I think the beauty of it is the that's it!? feeling you get once you've looked through all ~500 lines --- based on the amount of functionality one would expect it to be much longer; but it is unexpectedly short, yet complete.
In practice, it's not "~500 lines". You have whole control-flow statements with several semicolon-separated statements in their body, all crammed on a single line. The short variable names allow for the physical line not becoming too long and there is even some symmetry to it, but it's not like each line is a single statement with many nested subexpressions.
The real size of this code, after putting each statement on its own line, would be on the order of 300%.
Imagine this:
if (tk == Mul) { next(); *++e = PSH; expr(Inc); *++e = MUL; ty = INT; }
Turning into this:
if (tk == Mul) {
next();
*++e = PSH;
expr(Inc);
*++e = MUL;
ty = INT;
}
The line count isn't not "real" just because it isn't how a mindless autoformatter would do it. The formatting conveys actual information. A line expresses one "thought". Laying it out horizontally allows the vertical direction to be used to visually convey the repeating pattern
else if (tk == Mul) { next(); *++e = PSH; expr(Inc); *++e = MUL; ty = INT; }
else if (tk == Div) { next(); *++e = PSH; expr(Inc); *++e = DIV; ty = INT; }
else if (tk == Mod) { next(); *++e = PSH; expr(Inc); *++e = MOD; ty = INT; }
You know what else would communicate that? A function or macro.
else if (tk == Mul) { applyOperator(MUL); }
else if (tk == Div) { applyOperator(DIV); }
else if (tk == Mod) { applyOperator(MOD); }
But then you're not conforming to their arbitrary idea of "minimalism = fewer functions".
I definitely have some admiration for their picking a goal and following through on it, and there are a few tricks in there that are downright brilliant, but let's not pretend this is about effective communication.
I can agree that there's a repeating pattern in handling each of the binary operators (they are around a dozen), but I'm failing to see a pattern in fragments like these:
if (tk == ']') next(); else { printf("%d: close bracket expected\n", line); exit(-1); }
if (t > PTR) { *++e = PSH; *++e = IMM; *++e = sizeof(int); *++e = MUL; }
else if (t < PTR) { printf("%d: pointer type expected\n", line); exit(-1); }
This code is implementing pointer indexing: p[i]. The first line is reading the closing `]`. The second line is computing the pointer offset, which is equal to `i * sizeof(int)`. The third line is producing an error if `p` does not have a pointer type.
I think I agree with you that this part could be refactored a bit. I would be tempted to put the "PSH" corresponding to the "i" next to when we parse the "i". I would also write the check that "p" has a pointer type before the code that indexes it.
This is why I mostly hate (but partly love for the sake of reducing bikeshedding) it when teams add an autoformatter as a mandatory part of a code pipeline -- it destroys relevant spatial information.
If we are going to force autoformatters, we might as well just use annotated ASTs instead of text so we all see our own chosen view of the code.
The number of lines isn't really the point; it's C in 4 Functions, not C In 500 Lines.
What's more impressive is that it's self-hosted and implements just the subset of C required to compile itself, which makes it harder to keep the code short, but it manages anyways.
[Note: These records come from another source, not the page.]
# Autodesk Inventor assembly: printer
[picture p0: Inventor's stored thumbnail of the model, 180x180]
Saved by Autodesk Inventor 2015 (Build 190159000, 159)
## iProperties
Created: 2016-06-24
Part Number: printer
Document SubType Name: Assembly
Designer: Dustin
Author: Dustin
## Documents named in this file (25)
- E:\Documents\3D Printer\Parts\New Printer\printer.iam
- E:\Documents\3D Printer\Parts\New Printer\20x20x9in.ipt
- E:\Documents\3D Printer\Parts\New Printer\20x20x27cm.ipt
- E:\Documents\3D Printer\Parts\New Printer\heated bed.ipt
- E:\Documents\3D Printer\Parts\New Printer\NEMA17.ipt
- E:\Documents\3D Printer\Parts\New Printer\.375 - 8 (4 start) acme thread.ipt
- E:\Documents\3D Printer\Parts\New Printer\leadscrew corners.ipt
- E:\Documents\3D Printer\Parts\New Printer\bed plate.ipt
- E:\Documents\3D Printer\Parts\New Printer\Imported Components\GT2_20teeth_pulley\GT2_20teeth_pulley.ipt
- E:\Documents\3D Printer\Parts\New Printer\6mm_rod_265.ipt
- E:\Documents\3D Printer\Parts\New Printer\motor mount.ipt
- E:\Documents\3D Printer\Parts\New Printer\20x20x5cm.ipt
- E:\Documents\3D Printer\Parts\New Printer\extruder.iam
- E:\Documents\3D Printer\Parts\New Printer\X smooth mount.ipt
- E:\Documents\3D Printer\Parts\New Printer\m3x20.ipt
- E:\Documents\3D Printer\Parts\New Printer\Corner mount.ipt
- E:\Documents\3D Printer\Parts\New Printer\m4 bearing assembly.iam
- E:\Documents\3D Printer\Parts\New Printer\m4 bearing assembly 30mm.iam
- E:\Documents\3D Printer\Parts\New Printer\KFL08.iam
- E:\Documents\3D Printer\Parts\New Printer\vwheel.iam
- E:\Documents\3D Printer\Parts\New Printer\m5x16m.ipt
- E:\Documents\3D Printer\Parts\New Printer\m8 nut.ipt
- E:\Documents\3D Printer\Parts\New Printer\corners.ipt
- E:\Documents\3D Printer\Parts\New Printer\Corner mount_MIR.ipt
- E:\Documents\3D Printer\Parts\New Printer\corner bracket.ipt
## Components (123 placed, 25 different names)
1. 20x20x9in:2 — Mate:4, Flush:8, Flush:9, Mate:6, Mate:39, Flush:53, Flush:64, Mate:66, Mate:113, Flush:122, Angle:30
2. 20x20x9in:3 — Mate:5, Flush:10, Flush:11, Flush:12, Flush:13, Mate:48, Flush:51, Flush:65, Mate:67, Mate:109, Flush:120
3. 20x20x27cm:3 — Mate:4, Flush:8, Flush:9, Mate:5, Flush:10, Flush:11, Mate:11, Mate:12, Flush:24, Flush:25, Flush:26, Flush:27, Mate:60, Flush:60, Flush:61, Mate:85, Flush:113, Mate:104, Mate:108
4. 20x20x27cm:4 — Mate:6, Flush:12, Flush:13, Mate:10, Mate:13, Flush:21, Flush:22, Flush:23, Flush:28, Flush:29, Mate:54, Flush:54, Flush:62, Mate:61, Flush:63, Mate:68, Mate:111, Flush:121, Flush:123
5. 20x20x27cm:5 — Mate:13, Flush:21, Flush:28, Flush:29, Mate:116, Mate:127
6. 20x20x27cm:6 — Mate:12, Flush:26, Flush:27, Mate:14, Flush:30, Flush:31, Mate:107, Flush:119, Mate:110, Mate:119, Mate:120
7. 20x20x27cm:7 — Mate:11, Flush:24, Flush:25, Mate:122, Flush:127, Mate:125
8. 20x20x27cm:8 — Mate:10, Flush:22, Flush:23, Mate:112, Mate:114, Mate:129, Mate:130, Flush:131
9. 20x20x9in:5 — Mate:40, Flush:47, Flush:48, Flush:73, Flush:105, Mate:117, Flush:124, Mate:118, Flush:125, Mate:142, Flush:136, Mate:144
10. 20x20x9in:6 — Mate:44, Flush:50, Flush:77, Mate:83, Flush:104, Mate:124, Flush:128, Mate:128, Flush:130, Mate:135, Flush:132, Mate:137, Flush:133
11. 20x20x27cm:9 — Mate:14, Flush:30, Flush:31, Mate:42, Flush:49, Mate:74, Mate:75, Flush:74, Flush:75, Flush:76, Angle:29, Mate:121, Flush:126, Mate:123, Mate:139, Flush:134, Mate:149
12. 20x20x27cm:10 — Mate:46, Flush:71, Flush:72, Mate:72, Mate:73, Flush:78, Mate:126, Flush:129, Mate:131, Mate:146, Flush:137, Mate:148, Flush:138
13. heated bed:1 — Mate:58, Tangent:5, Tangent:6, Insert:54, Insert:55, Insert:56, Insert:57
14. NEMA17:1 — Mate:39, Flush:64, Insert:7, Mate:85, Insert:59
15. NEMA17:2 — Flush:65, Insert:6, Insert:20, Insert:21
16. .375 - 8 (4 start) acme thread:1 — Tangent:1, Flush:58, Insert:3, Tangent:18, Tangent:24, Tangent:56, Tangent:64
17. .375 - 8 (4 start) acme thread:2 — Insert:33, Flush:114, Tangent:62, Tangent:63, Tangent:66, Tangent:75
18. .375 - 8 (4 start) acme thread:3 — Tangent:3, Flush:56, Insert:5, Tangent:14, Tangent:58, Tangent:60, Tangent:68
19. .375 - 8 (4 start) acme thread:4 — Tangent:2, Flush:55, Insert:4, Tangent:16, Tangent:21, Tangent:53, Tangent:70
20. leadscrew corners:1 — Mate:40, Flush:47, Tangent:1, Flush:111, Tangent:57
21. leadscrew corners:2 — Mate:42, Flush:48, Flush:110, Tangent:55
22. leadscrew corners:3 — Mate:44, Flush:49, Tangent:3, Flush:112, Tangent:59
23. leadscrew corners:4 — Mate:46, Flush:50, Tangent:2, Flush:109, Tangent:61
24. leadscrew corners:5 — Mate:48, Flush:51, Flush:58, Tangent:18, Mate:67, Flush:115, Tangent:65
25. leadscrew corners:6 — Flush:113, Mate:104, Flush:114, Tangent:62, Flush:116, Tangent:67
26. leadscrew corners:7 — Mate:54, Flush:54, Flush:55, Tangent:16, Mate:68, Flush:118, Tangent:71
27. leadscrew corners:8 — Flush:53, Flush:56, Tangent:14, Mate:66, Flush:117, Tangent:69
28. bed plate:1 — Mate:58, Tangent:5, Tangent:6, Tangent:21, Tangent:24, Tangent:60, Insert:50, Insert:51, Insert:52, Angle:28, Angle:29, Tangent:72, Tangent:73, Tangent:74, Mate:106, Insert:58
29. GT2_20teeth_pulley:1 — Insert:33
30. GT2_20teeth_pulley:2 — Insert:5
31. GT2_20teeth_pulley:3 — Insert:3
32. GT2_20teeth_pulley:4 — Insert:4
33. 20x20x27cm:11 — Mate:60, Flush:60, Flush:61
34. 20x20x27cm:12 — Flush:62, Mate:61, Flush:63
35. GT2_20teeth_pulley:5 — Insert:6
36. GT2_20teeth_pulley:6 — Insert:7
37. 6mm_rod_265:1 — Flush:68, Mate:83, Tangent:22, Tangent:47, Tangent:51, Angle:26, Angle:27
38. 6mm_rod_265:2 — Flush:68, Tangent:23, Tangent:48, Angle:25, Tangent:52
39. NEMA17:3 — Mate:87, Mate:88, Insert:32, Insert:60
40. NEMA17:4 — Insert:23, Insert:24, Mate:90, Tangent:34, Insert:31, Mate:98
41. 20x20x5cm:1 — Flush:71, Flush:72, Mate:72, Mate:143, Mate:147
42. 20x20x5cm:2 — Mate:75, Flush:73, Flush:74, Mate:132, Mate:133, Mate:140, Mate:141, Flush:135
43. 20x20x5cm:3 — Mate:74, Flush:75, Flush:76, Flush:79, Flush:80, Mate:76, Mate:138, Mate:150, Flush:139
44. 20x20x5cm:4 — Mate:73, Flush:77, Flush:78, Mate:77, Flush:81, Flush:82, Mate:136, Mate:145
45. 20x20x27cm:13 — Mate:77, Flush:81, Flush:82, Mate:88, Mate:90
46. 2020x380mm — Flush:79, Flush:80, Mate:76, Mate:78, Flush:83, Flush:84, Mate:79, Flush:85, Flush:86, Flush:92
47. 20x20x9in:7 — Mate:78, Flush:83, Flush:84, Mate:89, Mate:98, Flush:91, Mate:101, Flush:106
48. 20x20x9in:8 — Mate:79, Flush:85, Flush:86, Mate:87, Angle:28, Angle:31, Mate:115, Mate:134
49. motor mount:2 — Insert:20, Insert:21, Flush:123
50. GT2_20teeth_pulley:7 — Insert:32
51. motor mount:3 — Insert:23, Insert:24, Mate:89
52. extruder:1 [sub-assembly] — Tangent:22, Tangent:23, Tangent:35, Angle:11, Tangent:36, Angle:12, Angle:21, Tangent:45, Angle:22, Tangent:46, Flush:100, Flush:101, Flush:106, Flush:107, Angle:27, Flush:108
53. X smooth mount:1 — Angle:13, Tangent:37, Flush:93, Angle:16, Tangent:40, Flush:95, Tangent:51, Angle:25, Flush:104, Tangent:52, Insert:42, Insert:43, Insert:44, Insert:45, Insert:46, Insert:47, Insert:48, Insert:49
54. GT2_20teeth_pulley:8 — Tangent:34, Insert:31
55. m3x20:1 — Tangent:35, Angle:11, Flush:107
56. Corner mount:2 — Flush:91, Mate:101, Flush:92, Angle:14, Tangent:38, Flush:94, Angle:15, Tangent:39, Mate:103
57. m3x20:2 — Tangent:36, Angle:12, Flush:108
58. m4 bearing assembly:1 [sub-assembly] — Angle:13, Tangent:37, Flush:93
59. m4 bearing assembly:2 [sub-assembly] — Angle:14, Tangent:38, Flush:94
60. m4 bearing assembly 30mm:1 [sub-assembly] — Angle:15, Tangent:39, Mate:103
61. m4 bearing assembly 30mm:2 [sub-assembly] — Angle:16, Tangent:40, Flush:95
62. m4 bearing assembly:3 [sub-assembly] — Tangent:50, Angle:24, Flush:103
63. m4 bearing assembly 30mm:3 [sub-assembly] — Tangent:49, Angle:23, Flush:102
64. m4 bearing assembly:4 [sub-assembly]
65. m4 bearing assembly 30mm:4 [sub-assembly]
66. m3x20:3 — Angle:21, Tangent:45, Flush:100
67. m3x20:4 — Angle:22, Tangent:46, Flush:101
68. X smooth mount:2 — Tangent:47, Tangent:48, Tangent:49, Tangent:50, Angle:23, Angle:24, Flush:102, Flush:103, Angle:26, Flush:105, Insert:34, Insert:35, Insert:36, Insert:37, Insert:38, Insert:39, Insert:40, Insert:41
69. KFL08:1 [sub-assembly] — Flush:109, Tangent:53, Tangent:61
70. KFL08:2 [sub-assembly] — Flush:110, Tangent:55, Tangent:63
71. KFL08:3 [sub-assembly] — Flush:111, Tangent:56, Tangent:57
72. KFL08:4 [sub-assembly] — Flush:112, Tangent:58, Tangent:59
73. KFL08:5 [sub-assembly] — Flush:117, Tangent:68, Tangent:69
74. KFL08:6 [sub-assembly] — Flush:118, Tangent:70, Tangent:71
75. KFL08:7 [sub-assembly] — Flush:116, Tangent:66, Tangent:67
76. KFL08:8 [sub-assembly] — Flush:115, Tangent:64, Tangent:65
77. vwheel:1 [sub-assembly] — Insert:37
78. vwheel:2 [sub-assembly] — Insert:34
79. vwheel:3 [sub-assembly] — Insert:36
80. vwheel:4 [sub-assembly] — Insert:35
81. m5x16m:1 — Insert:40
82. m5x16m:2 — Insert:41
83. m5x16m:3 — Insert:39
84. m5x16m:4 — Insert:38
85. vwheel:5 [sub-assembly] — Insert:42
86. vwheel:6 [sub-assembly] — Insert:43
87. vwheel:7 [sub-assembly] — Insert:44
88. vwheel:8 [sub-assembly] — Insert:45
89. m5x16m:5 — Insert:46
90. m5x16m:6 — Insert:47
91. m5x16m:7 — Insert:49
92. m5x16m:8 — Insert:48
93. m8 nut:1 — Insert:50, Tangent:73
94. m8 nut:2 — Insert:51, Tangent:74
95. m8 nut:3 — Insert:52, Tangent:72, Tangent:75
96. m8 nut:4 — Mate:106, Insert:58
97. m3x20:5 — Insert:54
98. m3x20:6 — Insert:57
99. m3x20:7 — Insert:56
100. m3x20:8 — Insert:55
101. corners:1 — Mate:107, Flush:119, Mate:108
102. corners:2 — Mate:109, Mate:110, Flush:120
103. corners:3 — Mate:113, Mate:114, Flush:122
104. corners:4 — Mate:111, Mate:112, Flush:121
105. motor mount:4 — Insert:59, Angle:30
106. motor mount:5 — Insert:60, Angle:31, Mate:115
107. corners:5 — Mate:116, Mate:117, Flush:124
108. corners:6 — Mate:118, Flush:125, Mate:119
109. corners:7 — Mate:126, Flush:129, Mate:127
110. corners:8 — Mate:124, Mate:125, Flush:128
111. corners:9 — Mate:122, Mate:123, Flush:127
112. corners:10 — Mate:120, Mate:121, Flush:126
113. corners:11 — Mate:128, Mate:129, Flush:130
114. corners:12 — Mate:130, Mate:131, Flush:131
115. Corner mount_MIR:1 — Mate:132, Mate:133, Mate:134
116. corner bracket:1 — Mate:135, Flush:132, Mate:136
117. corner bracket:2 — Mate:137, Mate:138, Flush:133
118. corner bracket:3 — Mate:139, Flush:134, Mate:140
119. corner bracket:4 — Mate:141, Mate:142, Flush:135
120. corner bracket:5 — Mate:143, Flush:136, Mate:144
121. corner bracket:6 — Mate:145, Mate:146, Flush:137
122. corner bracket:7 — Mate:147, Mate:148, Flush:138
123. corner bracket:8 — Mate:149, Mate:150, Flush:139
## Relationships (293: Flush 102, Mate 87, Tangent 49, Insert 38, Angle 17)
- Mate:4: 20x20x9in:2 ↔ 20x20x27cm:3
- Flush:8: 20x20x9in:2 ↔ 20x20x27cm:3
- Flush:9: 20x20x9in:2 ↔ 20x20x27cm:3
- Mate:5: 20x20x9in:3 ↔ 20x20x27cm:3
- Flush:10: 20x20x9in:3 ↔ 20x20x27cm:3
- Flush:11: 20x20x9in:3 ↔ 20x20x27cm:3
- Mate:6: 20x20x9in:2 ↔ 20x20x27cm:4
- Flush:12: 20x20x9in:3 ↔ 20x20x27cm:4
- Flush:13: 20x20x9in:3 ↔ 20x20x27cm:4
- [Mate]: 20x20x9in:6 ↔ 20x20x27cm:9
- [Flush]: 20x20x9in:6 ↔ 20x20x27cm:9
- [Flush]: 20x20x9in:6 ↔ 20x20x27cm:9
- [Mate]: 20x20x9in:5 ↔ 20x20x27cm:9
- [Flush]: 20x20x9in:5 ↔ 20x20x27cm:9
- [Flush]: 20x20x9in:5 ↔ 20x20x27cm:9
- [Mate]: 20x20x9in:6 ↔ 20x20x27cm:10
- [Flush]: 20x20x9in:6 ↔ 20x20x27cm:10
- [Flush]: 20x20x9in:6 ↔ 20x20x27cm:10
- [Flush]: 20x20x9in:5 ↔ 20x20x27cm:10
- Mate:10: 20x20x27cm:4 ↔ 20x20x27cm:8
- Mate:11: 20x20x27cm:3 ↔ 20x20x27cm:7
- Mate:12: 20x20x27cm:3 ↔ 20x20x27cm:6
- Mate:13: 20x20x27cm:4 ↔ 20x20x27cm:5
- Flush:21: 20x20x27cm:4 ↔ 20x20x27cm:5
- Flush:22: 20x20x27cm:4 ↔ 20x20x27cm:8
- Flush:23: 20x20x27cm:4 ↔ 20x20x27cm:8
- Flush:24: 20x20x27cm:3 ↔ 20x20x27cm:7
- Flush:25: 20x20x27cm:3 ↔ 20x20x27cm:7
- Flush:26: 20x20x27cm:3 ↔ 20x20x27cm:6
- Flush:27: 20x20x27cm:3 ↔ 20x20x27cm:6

This is fun to look at and brings back the fond memories of compiler construction and grad school. But the project could use a better overview page. It is not clear from the description if this is a plastic explosives building guide, a C compiler, a decomposition of food supplements or something else...
The trick to reading it:
* next() is the lexer
* expr() is a precedence-climbing expression parser
* stmt() parses statements and generates code
* main() has the virtual machine loop.